# How many square bales for cattle?



## stevenagee

I would like to know how many square bales per day does one head need. I would like to reduce the waste.

Thank you.


Shrug


----------



## Chuck

I was just wondering about this. Thanks for asking. 

Anyone?


----------



## bob clark

depending on stage in lactation ,weather,age,ect.

3% of body wt. will get you close


----------



## pygmywombat

Depends on the animal, weather, and quality of hay. My cow (1025 lbs, milking and nursing 2 calves) is eating about 2 bales in a 24 hour period. Its wet and cold and windy out, so this is pretty normal. On average a quality bale of hay should be enough per day.


----------



## Chuck

Okay, and I'm also feeding pelleted feed daily. How much do you suggest per head? And does that cut down on the amount of hay?


----------



## Jennifer L.

It's not really correct to say how many bales a cow eats in a day, since bale size is variable. My neighbor puts in 45# bales and I put in small squares that cure down to 65-70#s in the mow. Big difference. 

Dry matter fed is about3% of body weight per day. For dry hay and a 1000 pound cow, that's 30# of DM per day. But even dry hay and concentrates run about 10% moisture. So you'll actually be feeding this cow a few pounds more. Waste should run no higher than 3%. So you could feed upwards of 34-36# of hay. If it's really good hay, and they like it, they'll eat more.

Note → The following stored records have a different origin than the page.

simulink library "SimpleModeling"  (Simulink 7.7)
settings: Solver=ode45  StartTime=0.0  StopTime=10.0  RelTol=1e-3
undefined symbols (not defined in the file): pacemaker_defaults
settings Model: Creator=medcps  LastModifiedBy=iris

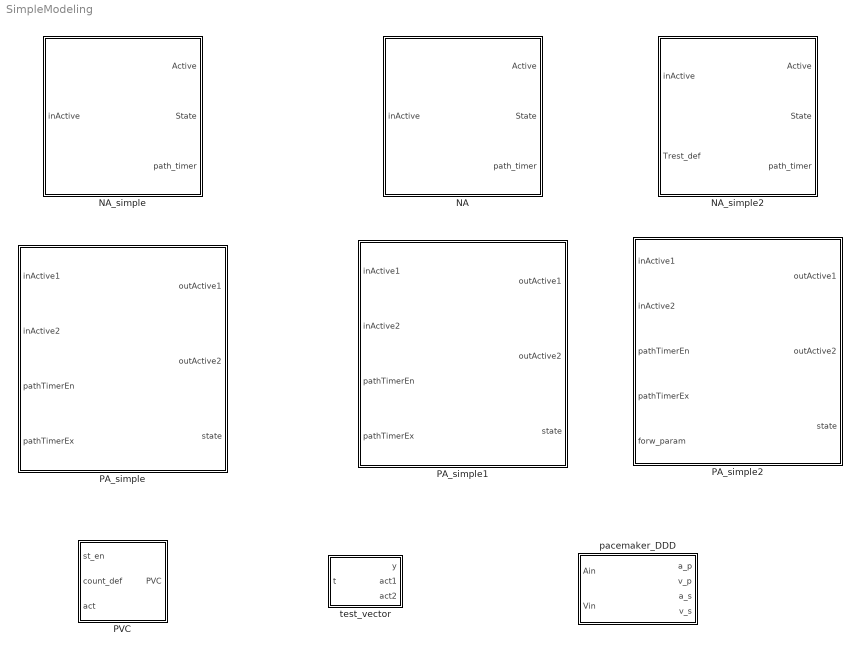
== system SimpleModeling ==
  NA : Subsystem  mask{TERP_s_m=0, TERP_defs_m=0, TRRP_s_m=0, TRRP_def_m=0, Trest_s_m=0, Trest_def_m=0, Terp_min_m=0, Terp_max_m=0}
      mask prompts: TERP_s_m "Terp Start"; TERP_defs_m "Terp Default Start"; TRRP_s_m "Trrp Start"; TRRP_def_m "Trrp Default"; Trest_s_m "Trest Start"; Trest_def_m "Trest Default"; Terp_min_m "Terp Min"; Terp_max_m "Terp Max"
  NA_simple : Subsystem  mask{TERP_s_m=0, TERP_defs_m=0, TRRP_s_m=0, TRRP_def_m=0, Trest_s_m=0, Trest_def_m=0, Terp_min_m=0, Terp_max_m=0}
      mask prompts: TERP_s_m "Terp Start"; TERP_defs_m "Terp Default Start"; TRRP_s_m "Trrp Start"; TRRP_def_m "Trrp Default"; Trest_s_m "Trest Start"; Trest_def_m "Trest Default"; Terp_min_m "Terp Min"; Terp_max_m "Terp Max"
  NA_simple2 : Subsystem  mask{TERP_s_m=0, TERP_defs_m=0, TRRP_s_m=0, TRRP_def_m=0, Trest_s_m=0, Terp_min_m=0, Terp_max_m=0}
      mask prompts: TERP_s_m "Terp Start"; TERP_defs_m "Terp Default Start"; TRRP_s_m "Trrp Start"; TRRP_def_m "Trrp Default"; Trest_s_m "Trest Start"; Terp_min_m "Terp Min"; Terp_max_m "Terp Max"
  PA_simple : Subsystem  mask{min_path_par_m=0, bck_param_m=0, forw_param_m=0}
      mask prompts: min_path_par_m "Min Path Param"; bck_param_m "Back Param"; forw_param_m "Fwd Param"
  PA_simple1 : Subsystem  mask{min_path_par_m=0, bck_param_m=0, forw_param_m=0}
      mask prompts: min_path_par_m "Min Path Param"; bck_param_m "Back Param"; forw_param_m "Fwd Param"
  PA_simple2 : Subsystem  mask{min_path_par_m=0, bck_param_m=0}
      mask prompts: min_path_par_m "Min Path Param"; bck_param_m "Back Param"
  PVC : Stateflow chart  TreatAsAtomicUnit=on
  pacemaker_DDD : Subsystem  mask{LRI_def=pacemaker_defaults(1), AVI_def=pacemaker_defaults(2), ARP_def=pacemaker_defaults(3), VRP_def=pacemaker_defaults(4), URI_def=pacemaker_defaults(5)}
      mask prompts: LRI_def "LRI default"; AVI_def "AVI default"; ARP_def "ARP default"; VRP_def "VRP default"; URI_def "URI default"
  test_vector : Stateflow chart  TreatAsAtomicUnit=on

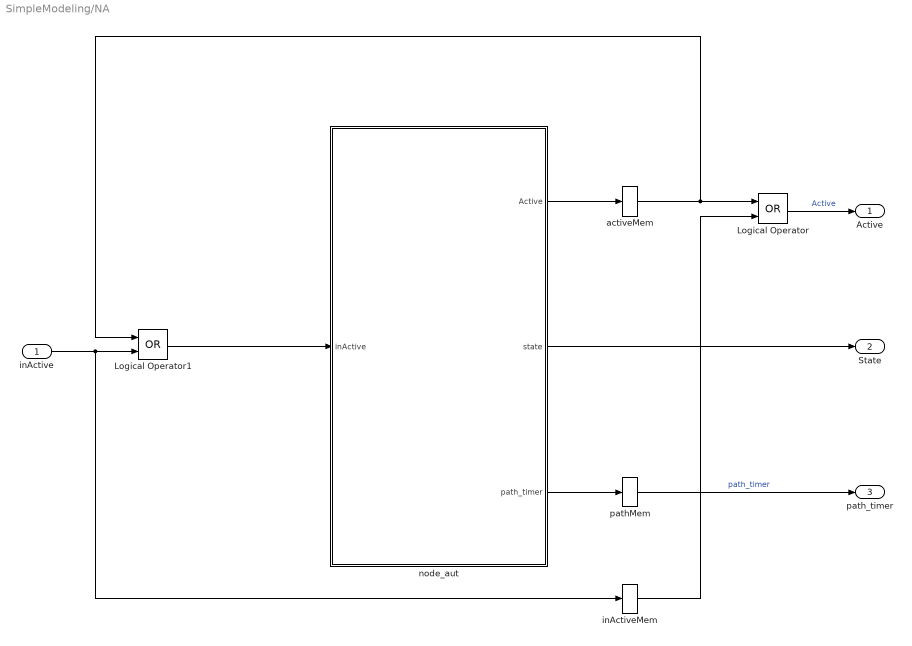
== system SimpleModeling/NA ==
  inActive : Inport
  Logical Operator : Logic  Operator=OR  AllPortsSameDT=off  OutDataTypeStr=boolean
  Logical Operator1 : Logic  Operator=OR  AllPortsSameDT=off  OutDataTypeStr=boolean
  activeMem : Memory  InheritSampleTime=on
  inActiveMem : Memory  InheritSampleTime=on
  node_aut : Stateflow chart  TreatAsAtomicUnit=on
  pathMem : Memory  InheritSampleTime=on
  Active : Outport
  State : Outport  Port=2
  path_timer : Outport  Port=3
  wires:
  node_aut/2(state) -> State/1
  pathMem/1 -> path_timer/1  "path_timer"
  node_aut/3(path_timer) -> pathMem/1
  Logical Operator/1 -> Active/1  "Active"
  inActiveMem/1 -> Logical Operator/2
  Logical Operator1/1 -> node_aut/1(inActive)
  inActive/1 -> inActiveMem/1, Logical Operator1/2
  activeMem/1 -> Logical Operator/1, Logical Operator1/1
  node_aut/1(Active) -> activeMem/1

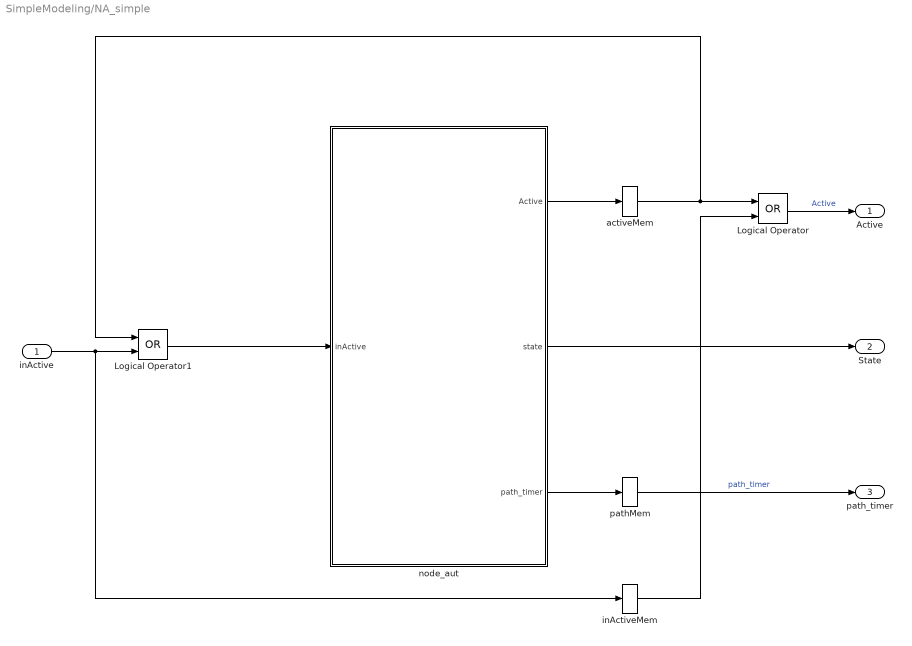
== system SimpleModeling/NA_simple ==
  inActive : Inport
  Logical Operator : Logic  Operator=OR  AllPortsSameDT=off  OutDataTypeStr=boolean
  Logical Operator1 : Logic  Operator=OR  AllPortsSameDT=off  OutDataTypeStr=boolean
  activeMem : Memory  InheritSampleTime=on
  inActiveMem : Memory  InheritSampleTime=on
  node_aut : Stateflow chart  TreatAsAtomicUnit=on
  pathMem : Memory  InheritSampleTime=on
  Active : Outport
  State : Outport  Port=2
  path_timer : Outport  Port=3
  wires:
  node_aut/1(Active) -> activeMem/1
  activeMem/1 -> Logical Operator1/1, Logical Operator/1
  inActive/1 -> Logical Operator1/2, inActiveMem/1
  Logical Operator1/1 -> node_aut/1(inActive)
  inActiveMem/1 -> Logical Operator/2
  Logical Operator/1 -> Active/1  "Active"
  node_aut/3(path_timer) -> pathMem/1
  pathMem/1 -> path_timer/1  "path_timer"
  node_aut/2(state) -> State/1

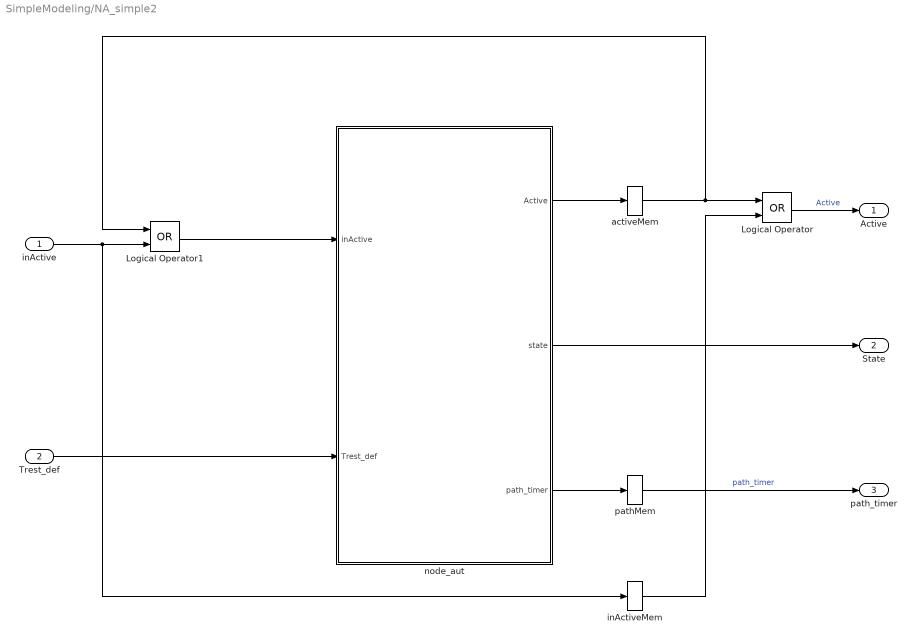
== system SimpleModeling/NA_simple2 ==
  inActive : Inport
  Trest_def : Inport  Port=2  OutDataTypeStr=uint16
  Logical Operator : Logic  Operator=OR  AllPortsSameDT=off  OutDataTypeStr=boolean
  Logical Operator1 : Logic  Operator=OR  AllPortsSameDT=off  OutDataTypeStr=boolean
  activeMem : Memory  InheritSampleTime=on
  inActiveMem : Memory  InheritSampleTime=on
  node_aut : Stateflow chart  TreatAsAtomicUnit=on
  pathMem : Memory  InheritSampleTime=on
  Active : Outport
  State : Outport  Port=2
  path_timer : Outport  Port=3
  wires:
  node_aut/2(state) -> State/1
  pathMem/1 -> path_timer/1  "path_timer"
  node_aut/3(path_timer) -> pathMem/1
  Logical Operator/1 -> Active/1  "Active"
  inActiveMem/1 -> Logical Operator/2
  Logical Operator1/1 -> node_aut/1(inActive)
  inActive/1 -> inActiveMem/1, Logical Operator1/2
  activeMem/1 -> Logical Operator/1, Logical Operator1/1
  node_aut/1(Active) -> activeMem/1
  Trest_def/1 -> node_aut/2(Trest_def)

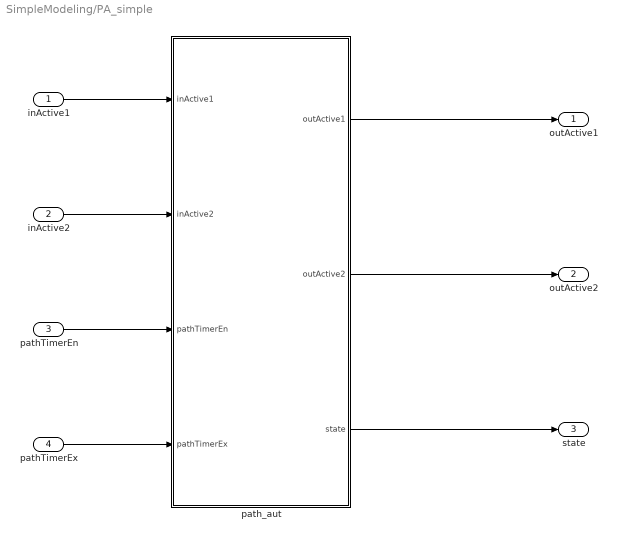
== system SimpleModeling/PA_simple ==
  inActive1 : Inport
  inActive2 : Inport  Port=2
  pathTimerEn : Inport  Port=3
  pathTimerEx : Inport  Port=4
  path_aut : Stateflow chart  TreatAsAtomicUnit=on
  outActive1 : Outport
  outActive2 : Outport  Port=2
  state : Outport  Port=3
  wires:
  inActive2/1 -> path_aut/2(inActive2)
  inActive1/1 -> path_aut/1(inActive1)
  pathTimerEn/1 -> path_aut/3(pathTimerEn)
  pathTimerEx/1 -> path_aut/4(pathTimerEx)
  path_aut/1(outActive1) -> outActive1/1
  path_aut/2(outActive2) -> outActive2/1
  path_aut/3(state) -> state/1

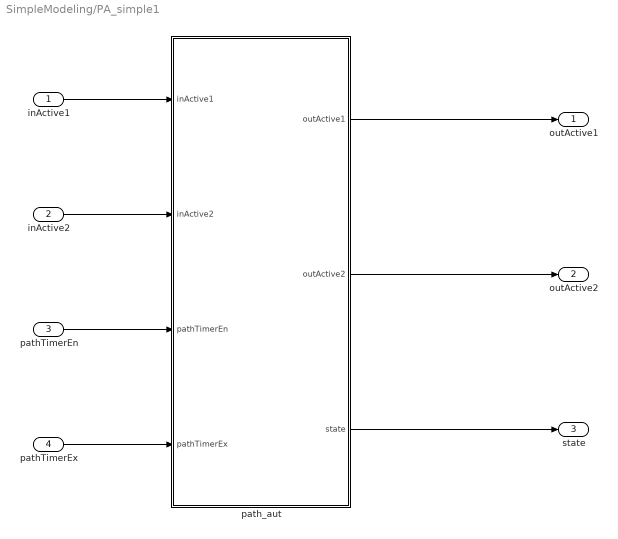
== system SimpleModeling/PA_simple1 ==
  inActive1 : Inport
  inActive2 : Inport  Port=2
  pathTimerEn : Inport  Port=3
  pathTimerEx : Inport  Port=4
  path_aut : Stateflow chart  TreatAsAtomicUnit=on
  outActive1 : Outport
  outActive2 : Outport  Port=2
  state : Outport  Port=3
  wires:
  path_aut/3(state) -> state/1
  path_aut/2(outActive2) -> outActive2/1
  path_aut/1(outActive1) -> outActive1/1
  pathTimerEx/1 -> path_aut/4(pathTimerEx)
  pathTimerEn/1 -> path_aut/3(pathTimerEn)
  inActive1/1 -> path_aut/1(inActive1)
  inActive2/1 -> path_aut/2(inActive2)

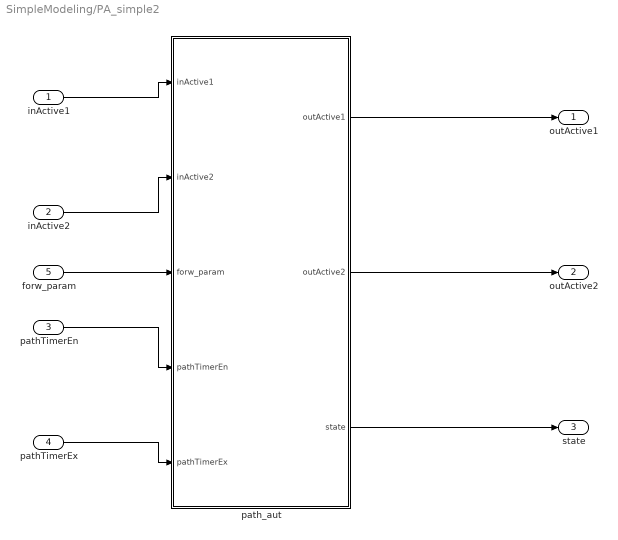
== system SimpleModeling/PA_simple2 ==
  inActive1 : Inport
  inActive2 : Inport  Port=2
  pathTimerEn : Inport  Port=3
  pathTimerEx : Inport  Port=4
  forw_param : Inport  Port=5  OutDataTypeStr=uint16
  path_aut : Stateflow chart  TreatAsAtomicUnit=on
  outActive1 : Outport
  outActive2 : Outport  Port=2
  state : Outport  Port=3
  wires:
  path_aut/3(state) -> state/1
  path_aut/2(outActive2) -> outActive2/1
  path_aut/1(outActive1) -> outActive1/1
  pathTimerEx/1 -> path_aut/5(pathTimerEx)
  pathTimerEn/1 -> path_aut/4(pathTimerEn)
  inActive1/1 -> path_aut/1(inActive1)
  inActive2/1 -> path_aut/2(inActive2)
  forw_param/1 -> path_aut/3(forw_param)

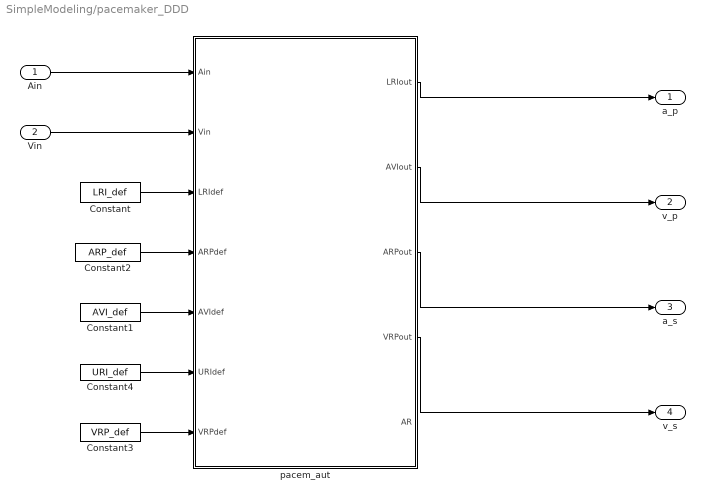
== system SimpleModeling/pacemaker_DDD ==
  Ain : Inport
  Vin : Inport  Port=2
  Constant : Constant  Value=LRI_def  OutDataTypeStr=uint16
  Constant1 : Constant  Value=AVI_def  OutDataTypeStr=uint16
  Constant2 : Constant  Value=ARP_def  OutDataTypeStr=uint16
  Constant3 : Constant  Value=VRP_def  OutDataTypeStr=uint16
  Constant4 : Constant  Value=URI_def  OutDataTypeStr=uint16
  pacem_aut : Stateflow chart  TreatAsAtomicUnit=on
  a_p : Outport
  v_p : Outport  Port=2
  a_s : Outport  Port=3
  v_s : Outport  Port=4
  wires:
  Ain/1 -> pacem_aut/1(Ain)
  Vin/1 -> pacem_aut/2(Vin)
  Constant/1 -> pacem_aut/3(LRIdef)
  Constant2/1 -> pacem_aut/4(ARPdef)
  Constant1/1 -> pacem_aut/5(AVIdef)
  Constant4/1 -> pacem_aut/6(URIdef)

If you were feeding silage, with a much higher moisture level, they'd be eating a whole lot more in pounds a day of forage.

If you are feeding concentrates (grain) you can take that away from the pounds of hay fed. In my herd, I generally figure 25# of hay per head for the milking herd and then they get their grain on top of that. Some of the high producers get a lot of grain, too. But don't cut hay down less than 20# because cows need fiber to make their digestion go correctly. A good rule to follow is always have a little hay in front of them. If they clean things up too well you are probably leaving them hungry, so feed so there is just a little left in front of them all the time so they never run out. 


Jennifer


----------



## Chuck

So how much grain do you give them?


----------



## JeffNY

Grain quantity also depends on how much the animal is producing. There is a formula that can be used. More or less it is a DMI (dry matter intake) formula, it will tell you how many lbs of grain you need to feed. I also used NEL NEM (Net Energy Lactation and Net Energy Maintaince) formula as well. The figures came to the same amount of grain needed. There really isn't a set lbs of grain fed, as it is highly variable cow to cow. Some cows take in 8lbs, some need 16. It also can depend on feed quality, higher quality feed will yield less grain needed, lower protein grain as well. With the Jersey we have, once she begins milking. I will feed 10lbs of grain a day. I figure this in, because with the forage last year I would have needed 16lbs, but it is much better over last year.


Jeff


----------



## Chuck

I have pregnant beef cows - due in spring. They are probably all around 1000 pounds. None is lactating. 

I've been putting out 50 pounds of feed daily for six adult cattle, one donkey, and a few goats. If I keep hay in front of them do you think 50 pounds is enough?


----------



## JeffNY

Is it 50lbs of hay? Or is it 50lbs of forage? I know hay tends to fill a cow faster than forage, as it is fiber. I was feeding last year about 60lbs per animal through March, was composed of haylage and hay. However, when I fed hay alone. I beleive I fed 10 bales a day, or so (60lb bales), for 12 animals or so. It was more or less 7 bales to the larger animals, about 7-8 of them, then 2-3 for the smaller. There was some waste, but not a lot. It took them through the coldest of days and nights. Currently I am feeding 7 cows, 2 steers, 1 bull calf and a donkey and her little grits 6 bales of hay, with a trough of haylage (10' long trough). I noticed today there was some waste, so I might cut back 1 bale if it builds up. These bales are about 50lbs.

Edit: Forgot to add the grain. For beef cows, it is up to you. I was feeding a beef steer about 5-6lbs of corn meal a day and he gained a good 2.6-3.0lbs a day for 45 days before he was butchered. He also was eating grass silage, so that also helped. So if the cows are filled out, nice and fat and you plan on using them as mothers, sell the calves. I would put the money into the steers if you raise them for beef. With my beef cows, I only put hay and haylage into them, no grain, and they do well.


Jeff


----------



## pygmywombat

I don't think 50 lbs of hay is enough per day for that many animals. 2 adult cows could eat that and still be looking for more. The best way I have found is to not fuss with formulas and expect them to tell you what to give, but to keep hay in front of the animals 24/7 and see what they eat and figure from that.


----------



## Chuck

What I meant was that I'm feeding them 50 pounds of beef mix pelleted feed per day (I dump one bag into the feeding trough and it's every cow for herself.) And I'm keeping hay in front of them - going through about one 600-pound round bale every other day. 

1. Do you think this is enough hay for 6 adult cattle, 3 weanling calves, 11 small goats and a donkey?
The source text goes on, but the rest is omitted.